Lickilicky meanwhile is pinker, taking advantage of the DS lite
 
To be fair, they were still working with disposable battery power and heavily valued the battery life. Backlights were possible back then, but those ate through the battery life and used even more batteries. The Sega Game Gear, for example, only had a max battery life of 5 hours and used 6 AA batteries. The GBA was also still functionally a portable SNES with some extra bells and whistles. That's honestly pretty good.

Though the GBA is admittedly a bit weird from a first-party perspective. No new traditional 2D Mario game, lots of SNES ports, and the system only lasted for 3 years before the DS effectively supplanted it.
The Game Gear (and Atari Lynx!) were ELEVEN YEARS OLD when Nintendo released the GBA. Yes I know a core pillar of the Game Boy line's design was "making the most of low-spec hardware," but that kind of time span was an eternity at that specific moment and the lack of a backlight in the 21st century was a decision that drew criticism from pretty much every outlet at the time, especially since Nintendo had already released a Game Boy variant with a backlight. And even putting aside the lack of backlight itself, the GBA was somehow even harder to see than the Game Boy Color. I couldn't tell you the technical reason for that but it literally felt like they were going backward in screen tech.

I also object to the idea of the GBA as a "portable SNES" because the GBA hardware is also compromised for even that simple job. The audio hardware sucks and too many SNES ports sound too crunchy. It doesn't have parity with the number of buttons, so some games just control weird.

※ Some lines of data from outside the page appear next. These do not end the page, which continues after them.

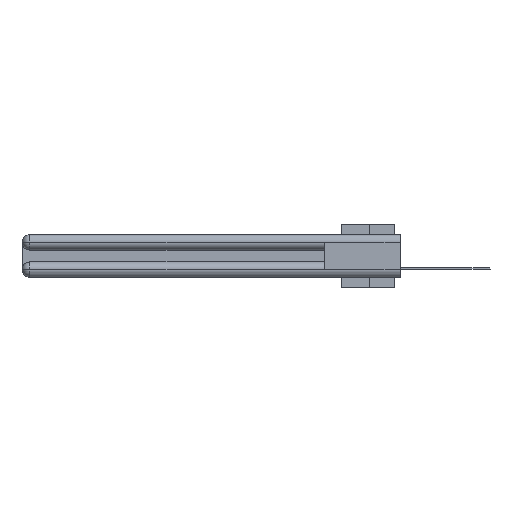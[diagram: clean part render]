
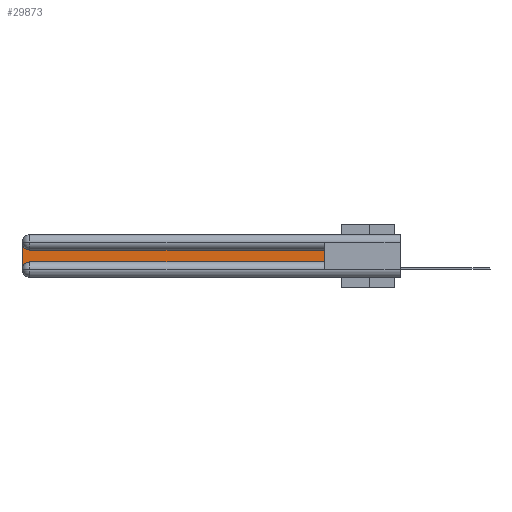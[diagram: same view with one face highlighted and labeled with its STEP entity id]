
A CAD part, left-side view. The second image highlights one B-rep face of the part: STEP entity #29873.
In plain terms, the highlighted planar face has unit normal (-1, 0, 0).
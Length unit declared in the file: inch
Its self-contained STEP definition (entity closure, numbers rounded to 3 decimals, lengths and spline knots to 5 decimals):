
#29 = EDGE_CURVE ( 'NONE', #17816, #10547, #23570, .T. ) ;
#230 = ORIENTED_EDGE ( 'NONE', *, *, #19995, .T. ) ;
#770 = DIRECTION ( 'NONE',  ( 0., 0., 1. ) ) ;
#1127 = CARTESIAN_POINT ( 'NONE',  ( 0.075, 0.6, -0.1225 ) ) ;
#1446 = CARTESIAN_POINT ( 'NONE',  ( 0.075, 2.94, -0.1225 ) ) ;
#1668 = DIRECTION ( 'NONE',  ( 0., -1., 0. ) ) ;
#2408 = AXIS2_PLACEMENT_3D ( 'NONE', #24243, #13472, #31976 ) ;
#2471 = DIRECTION ( 'NONE',  ( 0., 0., -1. ) ) ;
#2473 = VECTOR ( 'NONE', #1668, 39.37008 ) ;
#2569 = VECTOR ( 'NONE', #25118, 39.37008 ) ;
#2681 = PLANE ( 'NONE',  #13360 ) ;
#3391 = LINE ( 'NONE', #27545, #2569 ) ;
#4041 = CIRCLE ( 'NONE', #2408, 0.06 ) ;
#4994 = DIRECTION ( 'NONE',  ( 1., 0., 0. ) ) ;
#6039 = VECTOR ( 'NONE', #770, 39.37008 ) ;
#7735 = ORIENTED_EDGE ( 'NONE', *, *, #17027, .T. ) ;
#9596 = VERTEX_POINT ( 'NONE', #14769 ) ;
#10547 = VERTEX_POINT ( 'NONE', #15015 ) ;
#11004 = LINE ( 'NONE', #1127, #31298 ) ;
#12778 = CARTESIAN_POINT ( 'NONE',  ( 0.075, 2.94, -0.2175 ) ) ;
#13074 = LINE ( 'NONE', #23970, #6039 ) ;
#13360 = AXIS2_PLACEMENT_3D ( 'NONE', #26382, #23517, #2471 ) ;
#13472 = DIRECTION ( 'NONE',  ( 1., 0., 0. ) ) ;
#14769 = CARTESIAN_POINT ( 'NONE',  ( 0.075, 3., -0.0625 ) ) ;
#14908 = FACE_OUTER_BOUND ( 'NONE', #16898, .T. ) ;
#14924 = ORIENTED_EDGE ( 'NONE', *, *, #31416, .T. ) ;
#15015 = CARTESIAN_POINT ( 'NONE',  ( 0.075, 0.6, -0.2175 ) ) ;
#15459 = ORIENTED_EDGE ( 'NONE', *, *, #29, .T. ) ;
#15486 = DIRECTION ( 'NONE',  ( 0., 0., -1. ) ) ;
#15675 = CIRCLE ( 'NONE', #31531, 0.06 ) ;
#16247 = EDGE_CURVE ( 'NONE', #28443, #33749, #11004, .T. ) ;
#16898 = EDGE_LOOP ( 'NONE', ( #23859, #27508, #7735, #14924, #15459, #230 ) ) ;
#17027 = EDGE_CURVE ( 'NONE', #9596, #27770, #3391, .T. ) ;
#17567 = EDGE_CURVE ( 'NONE', #33749, #9596, #15675, .T. ) ;
#17816 = VERTEX_POINT ( 'NONE', #12778 ) ;
#19995 = EDGE_CURVE ( 'NONE', #10547, #28443, #13074, .T. ) ;
#22362 = CARTESIAN_POINT ( 'NONE',  ( 0.075, 0.6, -0.1225 ) ) ;
#22370 = DIRECTION ( 'NONE',  ( 0., 1., 0. ) ) ;
#23517 = DIRECTION ( 'NONE',  ( 1., 0., 0. ) ) ;
#23570 = LINE ( 'NONE', #32829, #2473 ) ;
#23859 = ORIENTED_EDGE ( 'NONE', *, *, #16247, .T. ) ;
#23970 = CARTESIAN_POINT ( 'NONE',  ( 0.075, 0.6, -0.2175 ) ) ;
#24243 = CARTESIAN_POINT ( 'NONE',  ( 0.075, 2.94, -0.2775 ) ) ;
#25118 = DIRECTION ( 'NONE',  ( 0., 0., -1. ) ) ;
#26382 = CARTESIAN_POINT ( 'NONE',  ( 0.075, 3., -0.1225 ) ) ;
#26565 = CARTESIAN_POINT ( 'NONE',  ( 0.075, 2.94, -0.0625 ) ) ;
#27508 = ORIENTED_EDGE ( 'NONE', *, *, #17567, .T. ) ;
#27545 = CARTESIAN_POINT ( 'NONE',  ( 0.075, 3., -0.2175 ) ) ;
#27770 = VERTEX_POINT ( 'NONE', #32563 ) ;
#28443 = VERTEX_POINT ( 'NONE', #22362 ) ;
#29873 = ADVANCED_FACE ( 'NONE', ( #14908 ), #2681, .F. ) ;
#31298 = VECTOR ( 'NONE', #22370, 39.37008 ) ;
#31416 = EDGE_CURVE ( 'NONE', #27770, #17816, #4041, .T. ) ;
#31531 = AXIS2_PLACEMENT_3D ( 'NONE', #26565, #4994, #15486 ) ;
#31976 = DIRECTION ( 'NONE',  ( 0., 0., -1. ) ) ;
#32563 = CARTESIAN_POINT ( 'NONE',  ( 0.075, 3., -0.2775 ) ) ;
#32829 = CARTESIAN_POINT ( 'NONE',  ( 0.075, 0.6, -0.2175 ) ) ;
#33749 = VERTEX_POINT ( 'NONE', #1446 ) ;

Again, Nintendo had an effective monopoly on the handheld market at that moment, so they could have released anything that they wanted. It's not like they had to position themselves as a low-cost alternative anymore, because they weren't even competing with anybody else anyway. I'm sure it was more than justified as a business decision, but that's not terribly important to me as a consumer.

Whenever I play GBA games on GBP+GBI these days, I appreciate that there are at least colorspace configuration options to make the games look more appropriate on a TV, but most of the time I can't be bothered to tweak those settings on a per-game basis to figure out which narrow hardware/viewing environment they were actually calibrated for.

Just fundamentally bad hardware that literally made its games worse than they needed to be.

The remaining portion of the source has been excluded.